Anecdotally, I got better NER results with spaCY than OpenNLP and CoreNLP with their respective default models, and spaCY was easier to install (though I'm biased, being more familiar with Python tooling and documentation style). I was eventually implementing in Java so I did use OpenNLP for sentence splitting, but I retrained the NER with data bootstrapped from spaCY, in a way similar to what the Prodigy tool is aiming to facilitate, by first classifying using the default/vanilla model and then manually correcting labels where they were incorrect.
They have some hard comparisons in some of their earlier blog posts on how spacy compares to the other popular open source NLP libraries.

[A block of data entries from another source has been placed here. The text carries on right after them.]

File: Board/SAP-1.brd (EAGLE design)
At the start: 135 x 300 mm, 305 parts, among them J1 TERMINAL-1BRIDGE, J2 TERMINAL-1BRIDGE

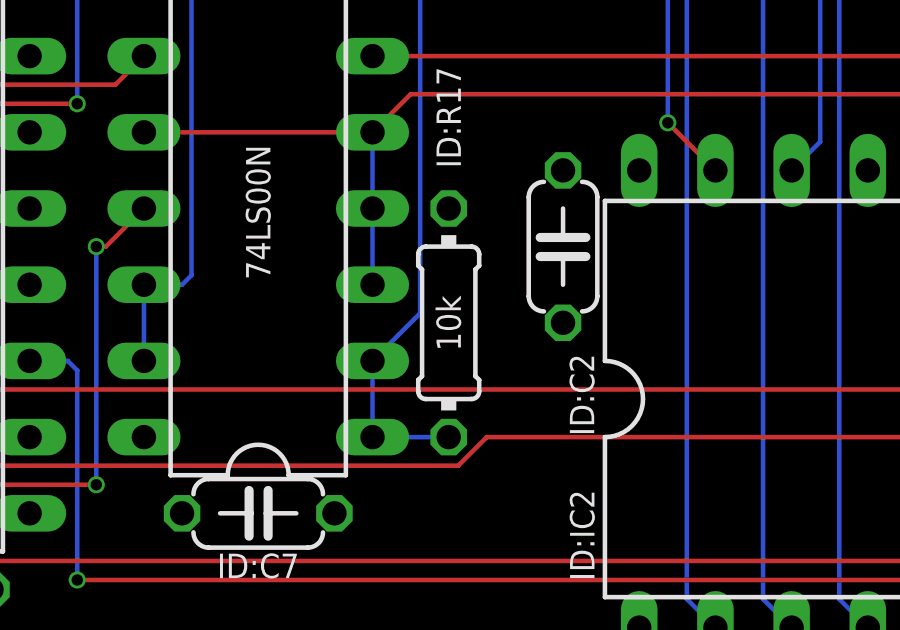
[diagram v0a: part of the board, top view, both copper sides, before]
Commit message: lowered value of reset pull down
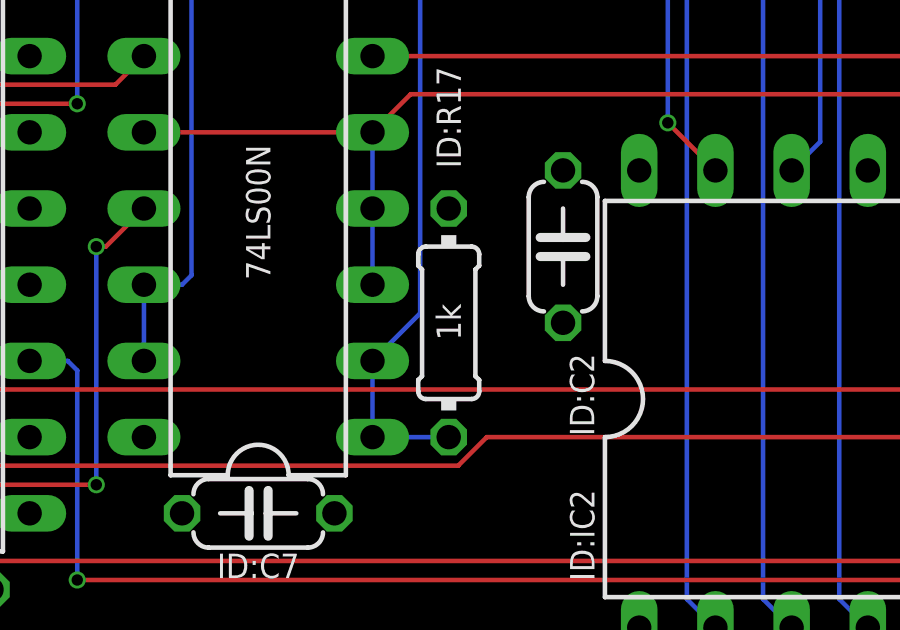
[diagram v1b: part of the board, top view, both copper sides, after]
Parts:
- ID:R17: value 10k -> 1k
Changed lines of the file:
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@@
 <attribute name="SF_SKU" value="COM-09190" x="-1228.14" y="42.21" size="1.778" layer="27" rot="R270" display="off"/>
 </element>
-<element name="ID:R17" library="rcl" library_urn="urn:adsk.eagle:library:334" package="0204/7" package3d_urn="urn:adsk.eagle:package:23498/2" value="10k" x="36.83" y="20.32" smashed="yes" rot="R270">
-<attribute name="MOUSER" value="594-5063JD10K00F" x="-1228.22" y="19.81" size="1.778" layer="27" rot="R270" display="off"/>
+<element name="ID:R17" library="rcl" library_urn="urn:adsk.eagle:library:334" package="0204/7" package3d_urn="urn:adsk.eagle:package:23498/2" value="1k" x="36.83" y="20.32" smashed="yes" rot="R270">
+<attribute name="MOUSER" value="594-5063JD1K000F" x="-1228.22" y="19.81" size="1.778" layer="27" rot="R270" display="off"/>
 <attribute name="NAME" x="36.83" y="25.4762" size="0.8128" layer="25" font="vector" ratio="10" rot="R90" align="center-left"/>
 <attribute name="SPICEPREFIX" value="R" x="-1228.22" y="19.81" size="1.778" layer="27" rot="R270" display="off"/>
-<attribute name="VALUE" x="36.83" y="19.373715625" size="0.8128" layer="25" font="vector" ratio="10" rot="R90" align="center-left"/>
+<attribute name="VALUE" x="36.83" y="19.739475" size="0.8128" layer="25" font="vector" ratio="10" rot="R90" align="center-left"/>
 </element>
 <element name="ID:IC7" library="74xx-us" library_urn="urn:adsk.eagle:library:88" package="DIL14" package3d_urn="urn:adsk.eagle:package:16407/2" value="74LS00N" x="30.48" y="24.13" smashed="yes" rot="R90">

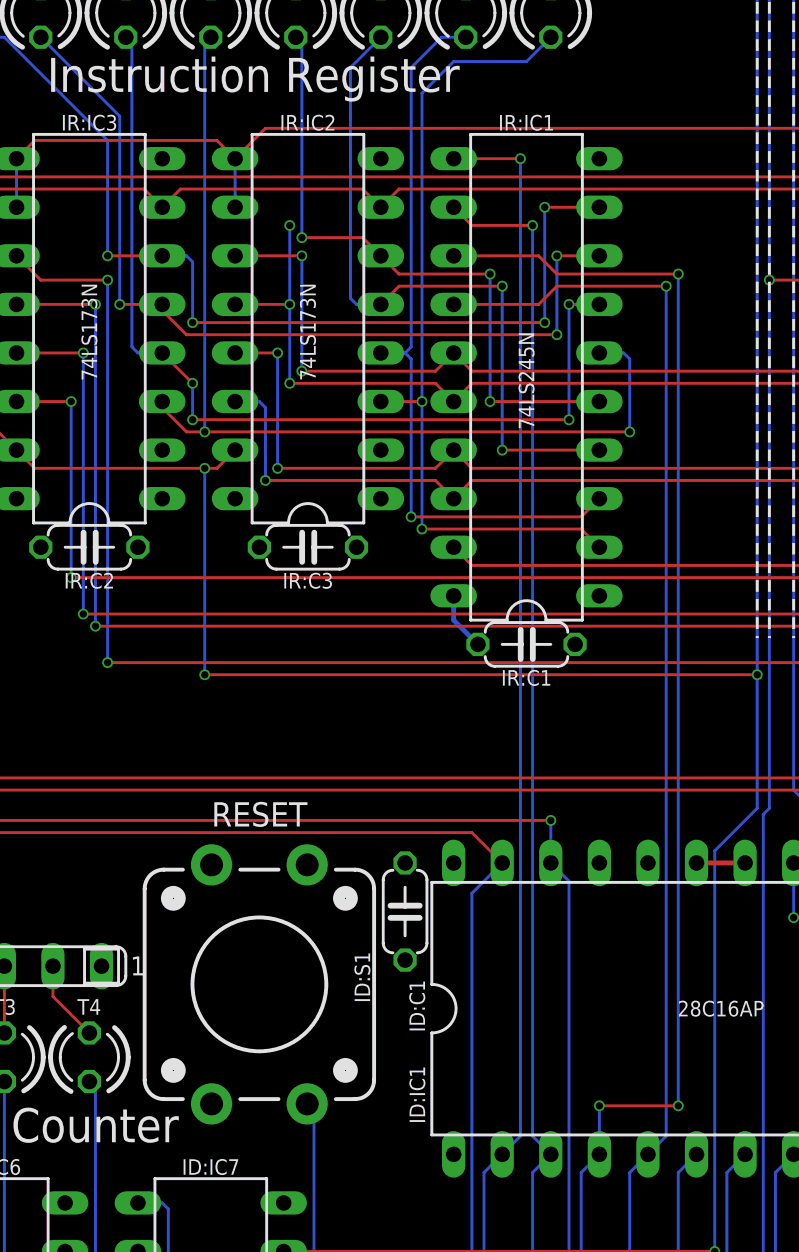
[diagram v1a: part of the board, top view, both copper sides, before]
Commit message: removed buffering of instruction register upper nibble
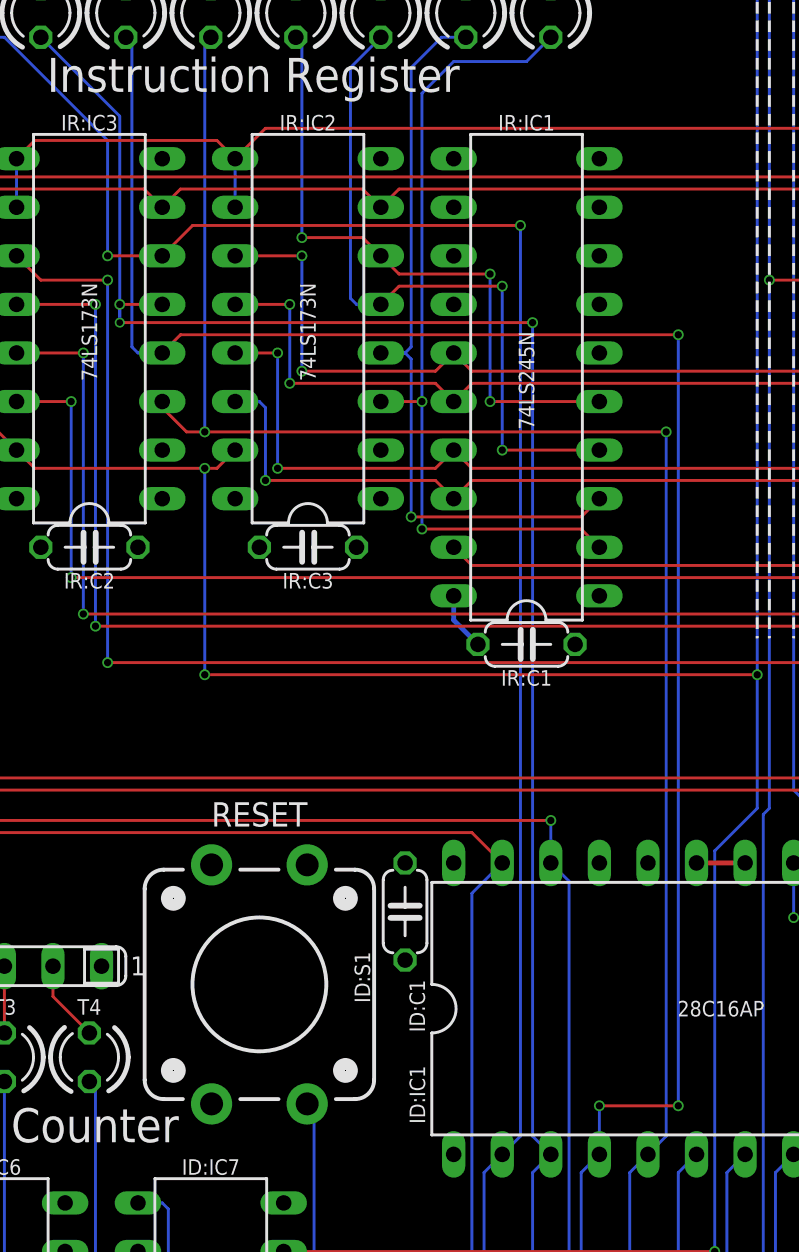
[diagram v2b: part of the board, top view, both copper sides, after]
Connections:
- removed net IR:B5: IR:IC1.6, IR:IC3.3, IR:LED5.A
- removed net IR:B6: IR:IC1.7, IR:IC3.4, IR:LED6.A
- removed net IR:B7: IR:IC1.8, IR:IC3.5, IR:LED7.A
- removed net IR:B8: IR:IC1.9, IR:IC3.6, IR:LED8.A
- net GND: now also IR:IC1.6, IR:IC1.7, IR:IC1.8, IR:IC1.9
- net N$31: now also IR:IC3.3, IR:LED5.A; no longer IR:IC1.14
- net N$33: now also IR:IC3.4, IR:LED6.A; no longer IR:IC1.13
- net N$34: now also IR:IC3.5, IR:LED7.A; no longer IR:IC1.12
- net N$35: now also IR:IC3.6, IR:LED8.A; no longer IR:IC1.11
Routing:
- net IR:B5: track 51.6 -> 0.00 mm, vias 2 -> 0
- net IR:B8: track 51.3 -> 0.00 mm, vias 4 -> 0
- net IR:B6: track 49.5 -> 0.00 mm, vias 4 -> 0
- net IR:B7: track 45.7 -> 0.00 mm, vias 3 -> 0
- net N$34: track 78.4 -> 110.2 mm, vias 1 -> 3
- net N$35: track 80.9 -> 112.3 mm, vias 1 -> 2
- net N$33: track 87.2 -> 117.3 mm
- net N$31: track 82.2 -> 111.1 mm, vias 1 -> 2
- net D3: track 568.1 -> 564.0 mm, vias 21 -> 20

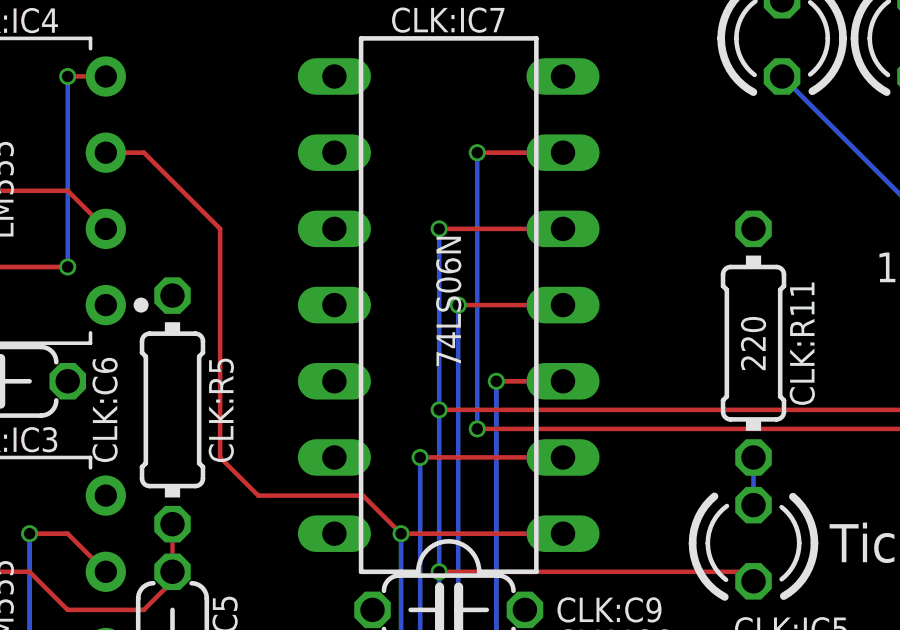
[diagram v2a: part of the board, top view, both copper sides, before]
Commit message: fixed partnumber of CLK:IC7 (74LS06->74LLS04) to fix #1
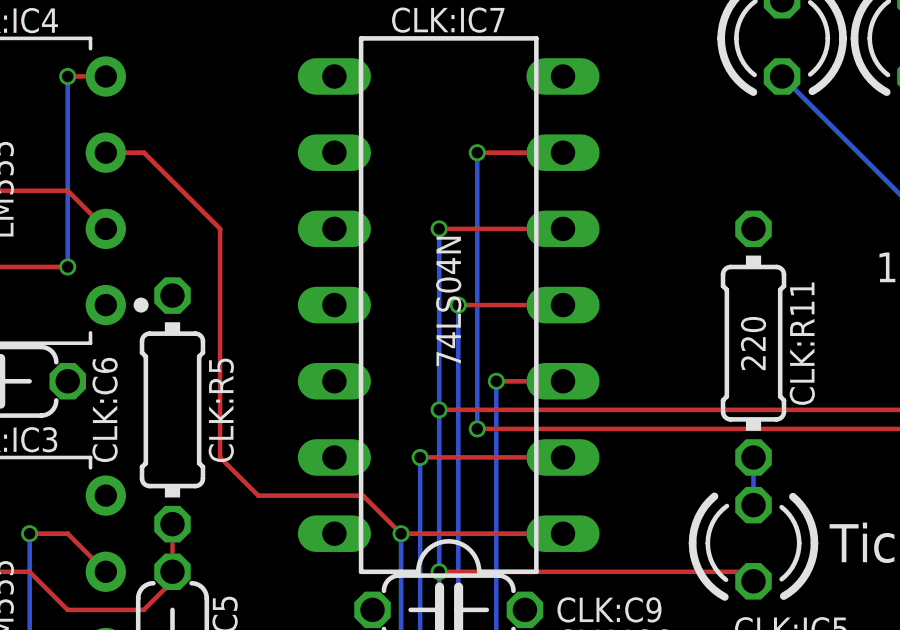
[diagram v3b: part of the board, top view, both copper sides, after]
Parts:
- CLK:IC7: value 74LS06N -> 74LS04N
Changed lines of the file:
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@@
 <?xml version="1.0" encoding="utf-8"?>
 <!DOCTYPE eagle SYSTEM "eagle.dtd">
-<eagle version="9.4.1">
+<eagle version="9.5.1">
 <drawing>
 <settings>
@@
 <setting verticaltext="up"/>
 </settings>
-<grid distance="50" unitdist="mil" unit="mil" style="lines" multiple="1" display="yes" altdistance="12.5" altunitdist="mil" altunit="mil"/>
+<grid distance="1" unitdist="mm" unit="mm" style="lines" multiple="1" display="yes" altdistance="0.5" altunitdist="mm" altunit="mm"/>
 <layers>
 <layer number="1" name="Top" color="4" fill="1" visible="yes" active="yes"/>
@@
 <attribute name="VALUE" x="40.64" y="265.2663125" size="0.8128" layer="25" font="vector" ratio="10" rot="R270" align="center-left"/>
 </element>
-<element name="CLK:IC7" library="74xx-us" library_urn="urn:adsk.eagle:library:88" package="DIL14" package3d_urn="urn:adsk.eagle:package:16407/2" value="74LS06N" x="40.64" y="283.21" smashed="yes" rot="R90">
-<attribute name="MOUSER" value="595-SN74LS06N" x="40.56" y="282.26" size="1.778" layer="27" rot="R90" display="off"/>
+<element name="CLK:IC7" library="74xx-us" library_urn="urn:adsk.eagle:library:88" package="DIL14" package3d_urn="urn:adsk.eagle:package:16407/2" value="74LS04N" x="40.64" y="283.21" smashed="yes" rot="R90">
+<attribute name="MOUSER" value="595-SN74LS04N" x="40.56" y="282.26" size="1.778" layer="27" rot="R90" display="off"/>
 <attribute name="NAME" x="40.64" y="292.3032" size="0.8128" layer="25" font="vector" ratio="10" align="bottom-center"/>
 <attribute name="VALUE" x="40.64" y="285.5863125" size="0.8128" layer="25" font="vector" ratio="10" rot="R270" align="center-left"/>

In my experience it has been much easier to use and faster than things like Stanford's library or NLTK. In general it's aimed at production or commercial use, whereas the other libraries I typically hear mentioned are aimed at a more academic audience.
OpenNLP is.... well I've never heard of anyone using it (except once in a ensemble). I think NLTK is more widely used.
Stanford CoreNLP give good accuracy and is pretty much the benchmark in English for accuracy. BUT it isn't great software. It falls over if you pass large amounts of text to it, the code is dreadful, it's hard to integrate (even in Java because of its own wacky config system), various parts aren't integrated (eg, SUTime), it doesn't have an embedding representation and it is pretty slow.
Having said all that I still use it sometimes. But Spacy is much nicer to use, and 99% (probably more) of the time the slightly lower accuracy is offset by things like the easy availability of word embedding right with the word tags.
I think it's pretty fair to say Spacy is the leading open-source NLP tool.
I have to agree. Explosion/Spacy has a lot of Marketing BS. That said I think SpaCy is actually pretty solid and when you are in the NLP field give it a try.
Self-respecting language geeks keep up with the times. What's your case for "leading open-source"? Here's a look at Spacy blowing Stanford Core NLP out of the water (via github stars, you can take a look at commits and more from the same tool): https://www.datascience.com/trends?trends=4812,7214,7165&tre...
When a new tool is announced, there is a lot of casual interest. Hence the 'explosion' in the beginning. After some time, things reach steady-state, and you can see that Spacy's interest is starting to fall below Core NLP's in the last few weeks.
Sounds like marketing BS. what about OpenNLP and Stanford's for NLP?